Enums in Kod are tagged unions — each value carries a discriminant identifying which variant it is, plus an optional payload with named fields.

Declaration

type Direction = enum {
    North
    South
    East
    West
}

type Message = enum {
    // unit variant (no payload)
    Quit
    // payload variants
    Text(content: str)
    Move(x: int64, y: int64)
}

Comments are allowed inside the body.
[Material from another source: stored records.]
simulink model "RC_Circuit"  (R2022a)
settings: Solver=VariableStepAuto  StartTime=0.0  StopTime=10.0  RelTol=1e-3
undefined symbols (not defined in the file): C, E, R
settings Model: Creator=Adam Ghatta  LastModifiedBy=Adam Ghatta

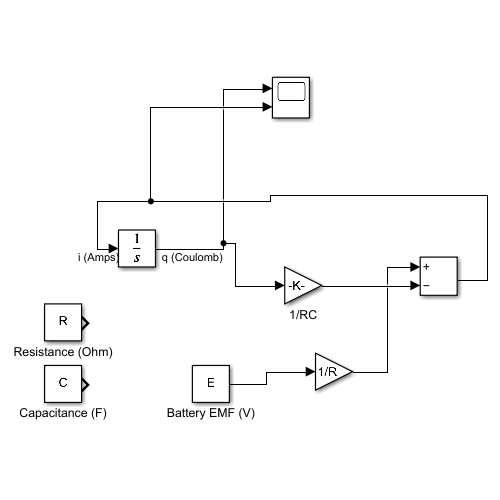
[thumbnail: Simulink's stored preview of the top-level diagram]
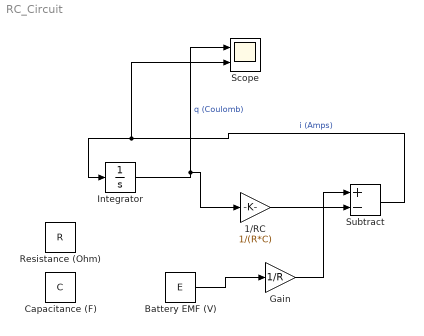
== system RC_Circuit ==
  1/RC : Gain  Gain=1/(R*C)
  Battery EMF (V) : Constant  Value=E
  Capacitance (F) : Constant  Value=C
  Gain : Gain  Gain=1/R
  Integrator : Integrator
  Resistance (Ohm) : Constant  Value=R
  Scope : Scope  NumInputPorts=2
  Subtract : Sum  Inputs=+-
  wires:
  Integrator/1 -> Scope/1, 1/RC/1  "q (Coulomb)"
  Subtract/1 -> Scope/2, Integrator/1  "i (Amps)"
  1/RC/1 -> Subtract/2
  Battery EMF (V)/1 -> Gain/1
  Gain/1 -> Subtract/1
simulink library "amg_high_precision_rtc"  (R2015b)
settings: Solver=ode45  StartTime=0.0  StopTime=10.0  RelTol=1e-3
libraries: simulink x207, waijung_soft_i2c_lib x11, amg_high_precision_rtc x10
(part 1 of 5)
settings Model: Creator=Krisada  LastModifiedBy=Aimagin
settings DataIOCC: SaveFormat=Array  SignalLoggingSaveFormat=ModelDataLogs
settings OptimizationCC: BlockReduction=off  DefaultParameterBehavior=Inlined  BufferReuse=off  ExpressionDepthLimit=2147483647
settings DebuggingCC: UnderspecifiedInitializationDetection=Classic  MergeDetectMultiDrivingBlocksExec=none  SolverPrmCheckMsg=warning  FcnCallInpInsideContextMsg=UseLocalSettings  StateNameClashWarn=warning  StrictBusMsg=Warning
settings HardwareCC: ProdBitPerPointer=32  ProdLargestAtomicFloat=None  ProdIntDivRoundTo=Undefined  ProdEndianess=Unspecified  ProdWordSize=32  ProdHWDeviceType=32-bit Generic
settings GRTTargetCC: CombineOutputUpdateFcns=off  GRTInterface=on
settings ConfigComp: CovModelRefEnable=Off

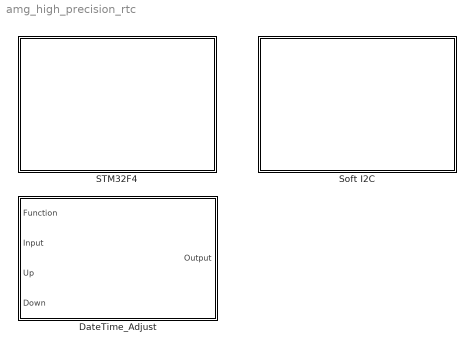
== system amg_high_precision_rtc ==
  DateTime_Adjust : Subsystem  TreatAsAtomicUnit=on  mask{state=0, max=99, min=0}
      mask prompts: state "Adjust state"; max "Max limit"; min "Min limit"
      settings: RTWFcnNameOpts=Use subsystem name  RTWFileNameOpts=Use function name
  STM32F4 : Subsystem
  Soft I2C : Subsystem

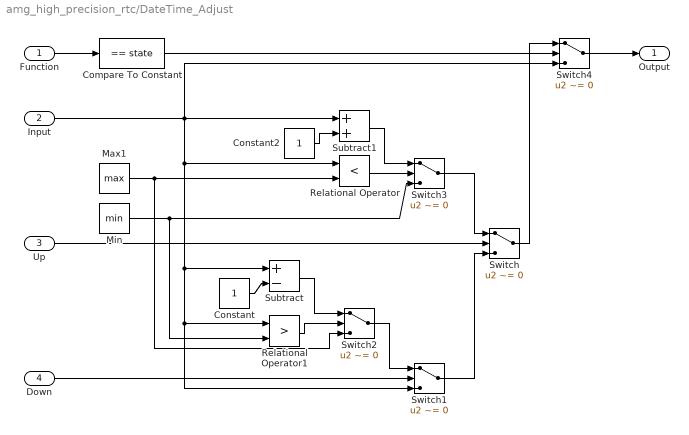
== system amg_high_precision_rtc/DateTime_Adjust ==
  Function : Inport
  Input : Inport  Port=2
  Up : Inport  Port=3
  Down : Inport  Port=4
  Compare To Constant : simulink/Logic and Bit Operations/Compare To Constant  SystemSampleTime=-1  relop===  const=state  LogicOutDataTypeMode=uint8  ZeroCross=off
  Constant : Constant  OutDataTypeStr=uint8
  Constant2 : Constant  OutDataTypeStr=uint8
  Max1 : Constant  Value=max  OutDataTypeStr=uint8
  Min : Constant  Value=min  OutDataTypeStr=uint8
  Relational Operator : RelationalOperator  Operator=<  OutDataTypeStr=boolean
  Relational Operator1 : RelationalOperator  Operator=>  OutDataTypeStr=boolean
  Subtract : Sum  Inputs=+-
  Subtract1 : Sum
  Switch{,1..4} (5 alike) : Switch  Criteria=u2 ~= 0
  Output : Outport
  wires:
  Switch1/1 -> Switch/3
  Input/1 -> Subtract/1, Switch1/3, Relational Operator1/1, Relational Operator/1, Subtract1/1, Switch4/3
  Relational Operator1/1 -> Switch2/2
  Subtract/1 -> Switch2/1
  Constant/1 -> Subtract/2
  Switch2/1 -> Switch1/1
  Relational Operator/1 -> Switch3/2
  Subtract1/1 -> Switch3/1
  Constant2/1 -> Subtract1/2
  Min/1 -> Switch3/3, Relational Operator1/2
  Max1/1 -> Relational Operator/2, Switch2/3
  Switch3/1 -> Switch/1
  Function/1 -> Compare To Constant/1
  Switch4/1 -> Output/1
  Compare To Constant/1 -> Switch4/2
  Switch/1 -> Switch4/1
  Down/1 -> Switch1/2
  Up/1 -> Switch/2

== system amg_high_precision_rtc/STM32F4 ==
  DS3231 Configure : Subsystem  mask(amg_high_precision_rtc){blockfunction=configure, module=1}
      mask prompts: blockfunction "Function"; module "I2C module"
      mask init:
      | amg_high_precision_rtc_callback('init');
      mask Help: web(fullfile(waijungdocroot,'DS3231_Configure.htm'), '-browser')
      mask TypeOptions blockfunction: temp | time | date | configure
      mask TypeOptions module: 1 | 2 | 3
      mask Callback module: amg_high_precision_rtc_callback('module');
      mask Display: text(0.5, 0.5, 'Port: I2C1','ver','middle','hor','center');port_label('input', 1,'SlvAddr');port_label('output', 1,'Status');port_label('input', 2,'(+) UP');port_label('input', 3,'(-) DOWN');port_label('input', 4,'(*) MODE');port_label('output', 2,'Enable');
  DS3231 Get Date : Subsystem  mask(amg_high_precision_rtc){blockfunction=date, module=1}
      mask prompts: blockfunction "Function"; module "I2C module"
      mask init:
      | amg_high_precision_rtc_callback('init');
      mask Help: web(fullfile(waijungdocroot,'DS3231_Get_Date.htm'), '-browser')
      mask TypeOptions blockfunction: temp | time | date
      mask TypeOptions module: 1 | 2 | 3
      mask Callback module: amg_high_precision_rtc_callback('module');
      mask Display: text(0.5, 0.5, 'Port: I2C1','ver','middle','hor','center');port_label('input', 1,'SlvAddr');port_label('output', 1,'Status');port_label('output', 2,'Day(1-7)');port_label('output', 3,'Date(1-31)');port_label('output', 4,'Month(1-12)');port_label('output', 5,'Year(0-99)');
  DS3231 Get Time : Subsystem  mask(amg_high_precision_rtc){blockfunction=time, module=1}
      mask prompts: blockfunction "Function"; module "I2C module"
      mask init:
      | amg_high_precision_rtc_callback('init');
      mask Help: web(fullfile(waijungdocroot,'DS3231_Get_Time.htm'), '-browser')
      mask TypeOptions blockfunction: temp | time | date
      mask TypeOptions module: 1 | 2 | 3
      mask Callback module: amg_high_precision_rtc_callback('module');
      mask Display: text(0.5, 0.5, 'Port: I2C1','ver','middle','hor','center');port_label('input', 1,'SlvAddr');port_label('output', 1,'Status');port_label('output', 2,'Hour(0-11/23)');port_label('output', 3,'Minute(0-59)');port_label('output', 4,'Second(0-59)');port_label('output', 5,'AM(0)/PM(1)');
  DS3231 Set Date : Subsystem  mask(amg_high_precision_rtc){blockfunction=setdate, module=1}
      mask prompts: blockfunction "Function"; module "I2C module"
      mask init:
      | amg_high_precision_rtc_callback('init');
      mask Help: web(fullfile(waijungdocroot,'DS3231_Get_Time.htm'), '-browser')
      mask TypeOptions blockfunction: setdate
      mask TypeOptions module: 1 | 2 | 3
      mask Callback module: amg_high_precision_rtc_callback('module');
      mask Display: text(0.5, 0.5, 'Port: I2C1','ver','middle','hor','center');port_label('input', 1,'SlvAddr');port_label('input', 2,'Date(1-31)');port_label('input', 3,'Month(1-12)');port_label('input', 4,'Year(0-99)');port_label('output', 1,'Status');
  DS3231 Set Time : Subsystem  mask(amg_high_precision_rtc){blockfunction=settime, module=1}
      mask prompts: blockfunction "Function"; module "I2C module"
      mask init:
      | amg_high_precision_rtc_callback('init');
      mask Help: web(fullfile(waijungdocroot,'DS3231_Get_Date.htm'), '-browser')
      mask TypeOptions blockfunction: settime
      mask TypeOptions module: 1 | 2 | 3
      mask Callback module: amg_high_precision_rtc_callback('module');
      mask Display: text(0.5, 0.5, 'Port: I2C1','ver','middle','hor','center');port_label('input', 1,'SlvAddr');port_label('input', 2,'Hour(0-11/23)');port_label('input', 3,'Minute(0-59)');port_label('input', 4,'Second(0-59)');port_label('output', 1,'Status');
  DS3231Temperture : Subsystem  mask(amg_high_precision_rtc){blockfunction=temp, module=1}
      mask prompts: blockfunction "Function"; module "I2C module"
      mask help:
      | The block implement temperature reading from DS3231 (Extremely Accurate RTC).
      | Its override the CONV bit, to force the temperature update, so the recommend sample time for this block is more than 0.5 seconds.
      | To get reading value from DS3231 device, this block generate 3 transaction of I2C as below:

Variants without parentheses are unit variants; variants with parentheses carry named fields.

Construction

let d: Direction = Direction.North
let m: Message = Message.Text(content: "hello")
let q: Message = Message.Quit

Implicit variant syntax

Inside a match arm, the enum name can be omitted when the type is unambiguous:

match d {
    .North -> print("north")
    .South -> print("south")
    else -> {}
}

Unit variants can also use the implicit .Variant form in expressions:

let d: Direction = .North

Payload variants always require the explicit form at construction time.

Pattern matching

match m {
    Message.Quit -> print("quit")
    Message.Text(content) -> print(content)
    Message.Move(x, y) -> {
        print_int(x)
        print_int(y)
    }
    else -> {}
}
  • Bindings in payload patterns (content, x, y) capture the field values
  • else is the catch-all arm; matches whatever the other arms didn't
  • Arm bodies can be a single expression (after ->) or a block ({ ... })

Memory layout (compiler)

[ offset 0  ] discriminant : int64  (8 bytes)
[ offset 8  ] payload      : max(variant payload sizes) bytes

Variants are assigned discriminants in declaration order starting from 0.

Example: Message

Message.Quit  → discriminant 0, no payload
Message.Text  → discriminant 1, content at payload offset 0  (8 bytes)
Message.Move  → discriminant 2, x at offset 0, y at offset 8 (16 bytes)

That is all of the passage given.